>>>

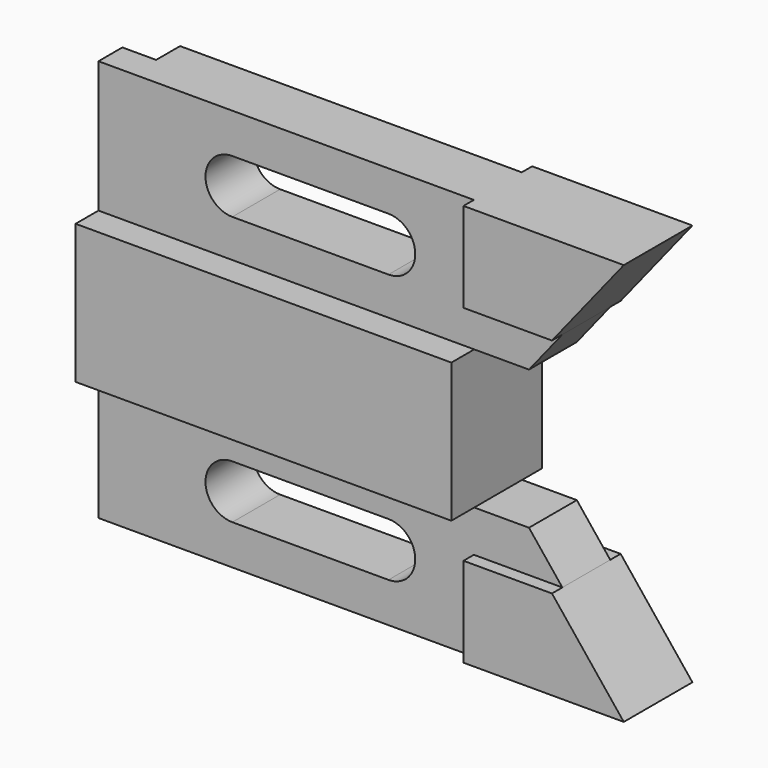
from build123d import *

# Parameters (mm, degrees)
F1_DEPTH = 22.098
F4_DEPTH = 5.842
F5_DEPTH = 8.382
F3_W     = 6.592599522
F3_H     = 25.6785105251
F6_DEPTH = 5.842
F7_DEPTH = 5.842


with BuildPart() as f1:
    # F0 (on Front) → F1 (new body)
    with BuildSketch(Plane.XZ):
        Polygon((-38.0060652603, 0), (35.3999347397, 0), (35.3999347397, 27.1923393011), (-38.0060652603, 27.1923393011), (-38.0060652603, 18.1223209947), (-38.0060652603, 10.0105842575), align=None)
    extrude(amount=F1_DEPTH)

    # F3 (on offset) → F4 (join, symmetric)
    with BuildSketch(Plane.XZ.offset(10.668)):
        Polygon((35.3301167488, 0), (-31.4134657383, 0), (-31.4134657383, -25.6785105251), (35.3301167488, -25.6785105251), (35.3301167488, -8.1525105251), (52.6165383837, -8.1525105251), (46.0923918922, 0), align=None)
        with BuildLine():
            Line((18.6442192644, -17.8938459214), (-11.8596823886, -17.8938459214))
            ThreePointArc((-11.8596823886, -17.8938459214), (-17.0929335328, -12.6605947772), (-11.8596823886, -7.427343633))
            Line((-11.8596823886, -7.427343633), (18.6442192644, -7.427343633))
            ThreePointArc((18.6442192644, -7.427343633), (23.8774704086, -12.6605947772), (18.6442192644, -17.8938459214))
        make_face(mode=Mode.SUBTRACT)
        Polygon((-31.4134657383, 52.8708498262), (-31.4134657383, 27.1923393011), (46.0923918922, 27.1923393011), (52.6165383837, 35.3448498262), (35.3301167488, 35.3448498262), (35.3301167488, 52.8708498262), align=None)
        with BuildLine():
            ThreePointArc((18.6442192644, 45.0756415895), (23.8774704086, 39.8423904453), (18.6442192644, 34.6091393011))
            Line((18.6442192644, 34.6091393011), (-11.8596823886, 34.6091393011))
            ThreePointArc((-11.8596823886, 34.6091393011), (-17.0929335328, 39.8423904453), (-11.8596823886, 45.0756415895))
            Line((-11.8596823886, 45.0756415895), (18.6442192644, 45.0756415895))
        make_face(mode=Mode.SUBTRACT)
    extrude(amount=F4_DEPTH, both=True)

    # F3 (on offset) → F5 (join, symmetric)
    with BuildSketch(Plane.XZ.offset(10.668)):
        Polygon((35.3301167488, -8.1525105251), (35.3301167488, -25.6785105251), (66.6419347397, -25.6785105251), (52.6165383837, -8.1525105251), align=None)
        Polygon((35.3301167488, 35.3448498262), (52.6165383837, 35.3448498262), (66.6419347397, 52.8708498262), (35.3301167488, 52.8708498262), align=None)
    extrude(amount=F5_DEPTH, both=True)

    # F3 (on offset) → F6 (join, through all)
    with BuildSketch(Plane.XZ.offset(10.668)):
        with Locations((-34.7097654993, -12.8392552625)):
            Rectangle(F3_W, F3_H)
    extrude(amount=F6_DEPTH)

    # F3 (on offset) → F7 (join, through all)
    with BuildSketch(Plane.XZ.offset(10.668)):
        with Locations((-34.7097654993, 40.0315945636)):
            Rectangle(F3_W, F3_H)
    extrude(amount=F7_DEPTH)


solid = f1.part
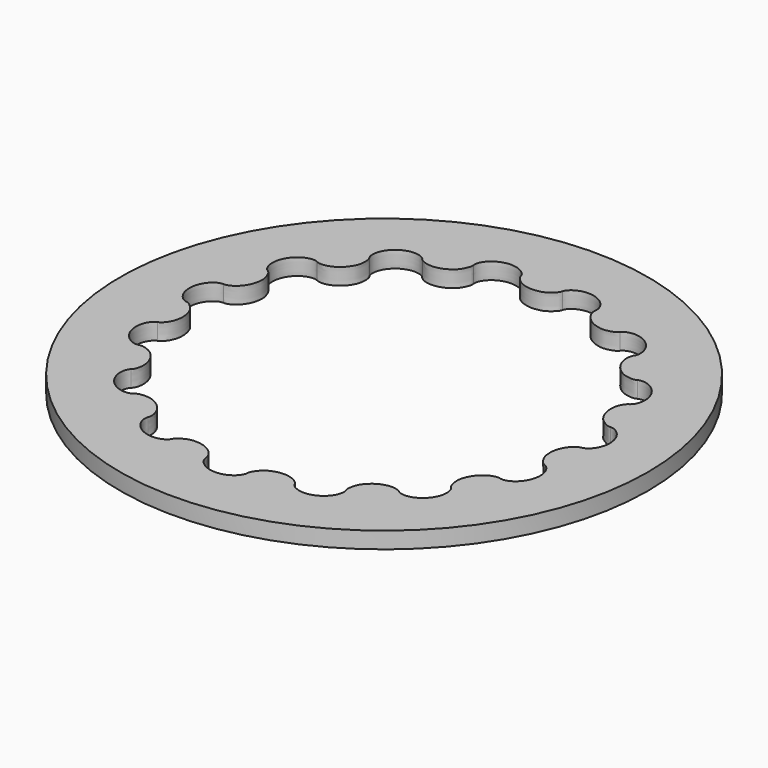
from build123d import *

# Parameters (mm, degrees)
F1_R            = 40
F1_R_2          = 30
F2_DEPTH        = 2.5
F4_DEPTH        = 2.5
F4_COPIES_COUNT = 15
F6_DEPTH        = 2.5
F6_COPIES_COUNT = 15


# Not quite as in the source:
# - a pattern or mirror of a feature is missing from the dataset's text; its kind, count and spacing are read off the source's solid


with BuildPart() as f2:
    # F1 (on Top) → F2 (new body)
    with BuildSketch(Plane.XY):
        Circle(F1_R)
        Circle(F1_R_2, mode=Mode.SUBTRACT)
    extrude(amount=F2_DEPTH)

    # F3 (on face) → F4 (cut, through all)
    with BuildSketch(Plane.XY.offset(2.5)):
        with BuildLine():
            add(Edge.make_bspline(
                [(29.344428022, 6.2373507245), (29.3933354021, 6.2477463091), (29.4907818104, 6.2458927428), (29.9260713153, 6.1668744849), (30.4933926149, 5.8549659014), (31.1158428866, 5.2590115229), (31.614702741, 4.3921350903), (31.874991761, 3.3501963002), (31.8370218419, 2.2769099498), (31.5292969648, 1.3252579493), (31.0443549487, 0.6129120372), (30.5542793765, 0.189866424), (30.1449362259, 0.0220748714), (30.049999975, 0), (30, 4.9956e-05)],
                knots=[0, 0, 0, 0, 0.0392231241, 0.1063510743, 0.1910134394, 0.2876620616, 0.3919582226, 0.5000006598, 0.6080430653, 0.7123392263, 0.8089878485, 0.8936502136, 0.9607781638, 1, 1, 1, 1], degree=3))
            ThreePointArc((29.344428022, 6.2373507245), (29.3977411386, 5.9810380325), (29.4488155034, 5.7242698613))
            ThreePointArc((29.4488155034, 5.7242698613), (29.4976472269, 5.4670657648), (29.5442325904, 5.20944533))
            ThreePointArc((29.5442325904, 5.20944533), (29.8858387658, 2.6146971654), (30, 4.9956e-05))
        make_face()
    f4 = extrude(amount=-F4_DEPTH, mode=Mode.SUBTRACT)

    # F4_copies: F4 ×15 about axis
    f4_copies_axis = Axis((0, 0, 0), (0, 0, 1))
    for i in range(1, F4_COPIES_COUNT):
        add(f4.rotate(f4_copies_axis, i * 360 / F4_COPIES_COUNT), mode=Mode.SUBTRACT)

    # F5 (on face) → F6 (join, through all)
    with BuildSketch(Plane.XY.offset(2.5)):
        with BuildLine():
            ThreePointArc((27.6151456036, 11.7219338547), (27.5118022316, 11.9624720678), (27.4063637293, 12.2020992923))
            add(Edge.make_bspline(
                [(29.344428022, 6.2373507245), (29.295520642, 6.22695514), (29.2022743002, 6.233123582), (28.7746198394, 6.2419232171), (27.5472761579, 6.9892563869), (27.043052587, 7.71669433), (26.5824231035, 8.6436931859), (26.4014788587, 9.6227803042), (26.4464444164, 10.5561239597), (26.685775911, 11.3246501923), (26.9886897968, 11.8453432179), (27.2921046088, 12.1314608661), (27.3606864564, 12.1817624601), (27.4063637293, 12.2020992923)],
                knots=[0, 0, 0, 0, 0.0414260396, 0.1123321793, 0.2475649801, 0.3577326485, 0.4718575381, 0.5859823857, 0.6961500541, 0.7982395608, 0.8876678207, 0.9585739604, 1, 1, 1, 1], degree=3))
            ThreePointArc((29.344428022, 6.2373507245), (28.6115085224, 9.0211739851), (27.6151456036, 11.7219338547))
        make_face()
    f6 = extrude(amount=-F6_DEPTH)

    # F6_copies: F6 ×15 about axis
    f6_copies_axis = Axis((0, 0, 0), (0, 0, 1))
    for i in range(1, F6_COPIES_COUNT):
        add(f6.rotate(f6_copies_axis, i * 360 / F6_COPIES_COUNT))


solid = f2.part
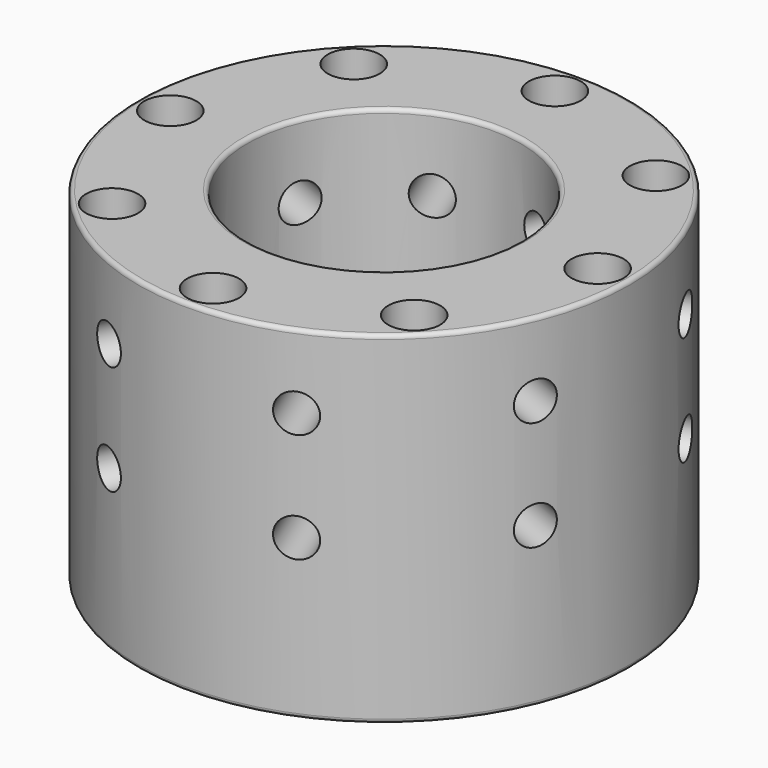
from build123d import *

# Parameters (mm, degrees)
F0_R             = 22.7965
F1_DEPTH         = 31.75
F2_R             = 15.24
F3_DEPTH         = 12.7
F4_R             = 12.7
F5_DEPTH         = 19.051
F6_R             = 0.381
F8_R             = 2.413
F9_DEPTH         = 31.751
F11_R            = 1.778
F12_DEPTH        = 38.1
F12_COPIES_COUNT = 4
F12_COPIES_ANGLE = 135


# Not quite as in the source:
# - a pattern or mirror of a feature is missing from the dataset's text; its kind, count and spacing are read off the source's solid


with BuildPart() as f1:
    # F0 (on Top) → F1 (new body)
    with BuildSketch(Plane.XY):
        Circle(F0_R)
    extrude(amount=F1_DEPTH)

    # F2 (on face) → F3 (cut)
    with BuildSketch(Plane(origin=(0, 0, 0), x_dir=(1, 0, 0), z_dir=(0, 0, -1))):
        Circle(F2_R)
    extrude(amount=-F3_DEPTH, mode=Mode.SUBTRACT)

    # F4 (on face) → F5 (cut, through all)
    with BuildSketch(Plane(origin=(0, 0, 12.7), x_dir=(1, 0, 0), z_dir=(0, 0, -1))):
        Circle(F4_R)
    extrude(amount=-F5_DEPTH, mode=Mode.SUBTRACT)

    # F6
    f6_edges = [f1.edges().sort_by_distance(p)[0] for p in [
        (-22.7965, 0, 31.75),
        (-12.7, 0, 31.75),
        (-22.7965, 0, 0),
        (-15.24, 0, 0),
        (-12.7, 0, 12.7),
        (-15.24, 0, 12.7),
    ]]
    fillet(f6_edges, radius=F6_R)

    # F8 (on face) → F9 (cut, through all)
    with BuildSketch(Plane(origin=(0, 0, 0), x_dir=(1, 0, 0), z_dir=(0, 0, -1))):
        with Locations((0, 19.812)):
            Circle(F8_R)
        with Locations((-14.0091995489, 14.0091995489)):
            Circle(F8_R)
        with Locations((-19.812, 0)):
            Circle(F8_R)
        with Locations((-14.0091995489, -14.0091995489)):
            Circle(F8_R)
        with Locations((0, -19.812)):
            Circle(F8_R)
        with Locations((14.0091995489, -14.0091995489)):
            Circle(F8_R)
        with Locations((19.812, 0)):
            Circle(F8_R)
        with Locations((14.0091995489, 14.0091995489)):
            Circle(F8_R)
    extrude(amount=-F9_DEPTH, mode=Mode.SUBTRACT)

    # F11 (on line) → F12 (cut, symmetric)
    with BuildSketch(Plane(origin=(0, 0, 0), x_dir=(-0.3826834324, 0.9238795325, 0), z_dir=(0.9238795325, 0.3826834324, 0))):
        with Locations((0, 24.892)):
            Circle(F11_R)
        with Locations((0, 14.732)):
            Circle(F11_R)
    f12 = extrude(amount=F12_DEPTH, both=True, mode=Mode.SUBTRACT)

    # F12_copies: F12 ×4 about axis
    f12_copies_axis = Axis((-2e-06, -1.4e-05, 0), (0, 0, -1))
    for i in range(1, F12_COPIES_COUNT):
        add(f12.rotate(f12_copies_axis, i * F12_COPIES_ANGLE / (F12_COPIES_COUNT - 1)), mode=Mode.SUBTRACT)


solid = f1.part
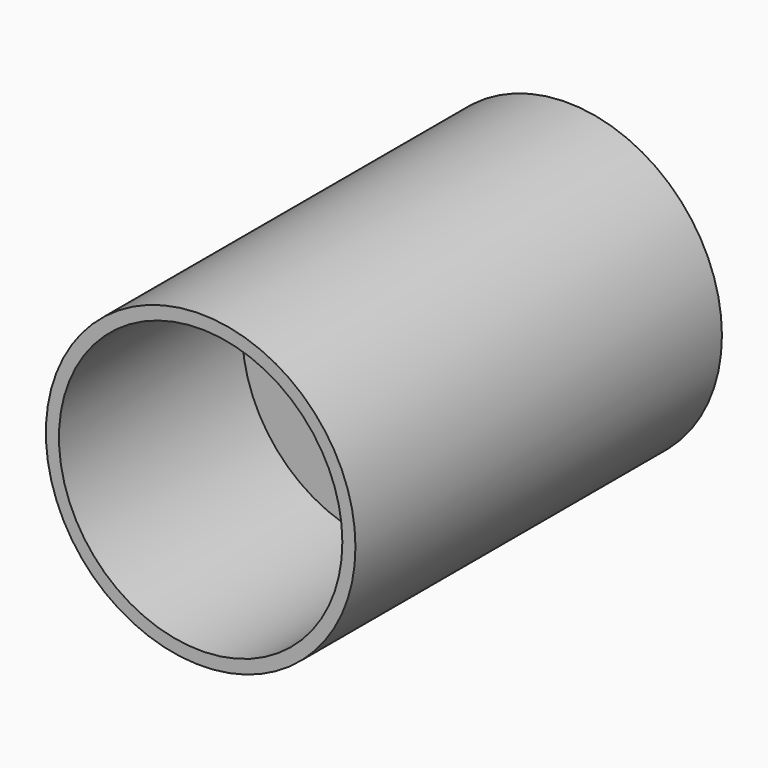
from build123d import *

# Parameters (mm, degrees)
F0_R     = 51.4985
F1_DEPTH = 152.4
F2_R     = 47.1424
F3_DEPTH = 76.2


# Not quite as in the source:
# - a feature names something its author has since deleted; it is built from what else it names


with BuildPart() as f1:
    # F0 (on Front) → F1 (new body)
    with BuildSketch(Plane.XZ):
        Circle(F0_R)
    extrude(amount=F1_DEPTH)

    # F2 (on face) → F3 (cut)
    with BuildSketch(Plane.XZ.offset(152.4)):
        Circle(F2_R)
    extrude(amount=-F3_DEPTH, mode=Mode.SUBTRACT)


solid = f1.part

<<<

> To do
Starting with the first line of the data above and ending with the line containing "# F3 (on offset) → F4 (join, symmetric)", please restate every line exactly, leaving images out.

> Output below
from build123d import *

# Parameters (mm, degrees)
F1_DEPTH = 22.098
F4_DEPTH = 5.842
F5_DEPTH = 8.382
F3_W     = 6.592599522
F3_H     = 25.6785105251
F6_DEPTH = 5.842
F7_DEPTH = 5.842


with BuildPart() as f1:
    # F0 (on Front) → F1 (new body)
    with BuildSketch(Plane.XZ):
        Polygon((-38.0060652603, 0), (35.3999347397, 0), (35.3999347397, 27.1923393011), (-38.0060652603, 27.1923393011), (-38.0060652603, 18.1223209947), (-38.0060652603, 10.0105842575), align=None)
    extrude(amount=F1_DEPTH)

    # F3 (on offset) → F4 (join, symmetric)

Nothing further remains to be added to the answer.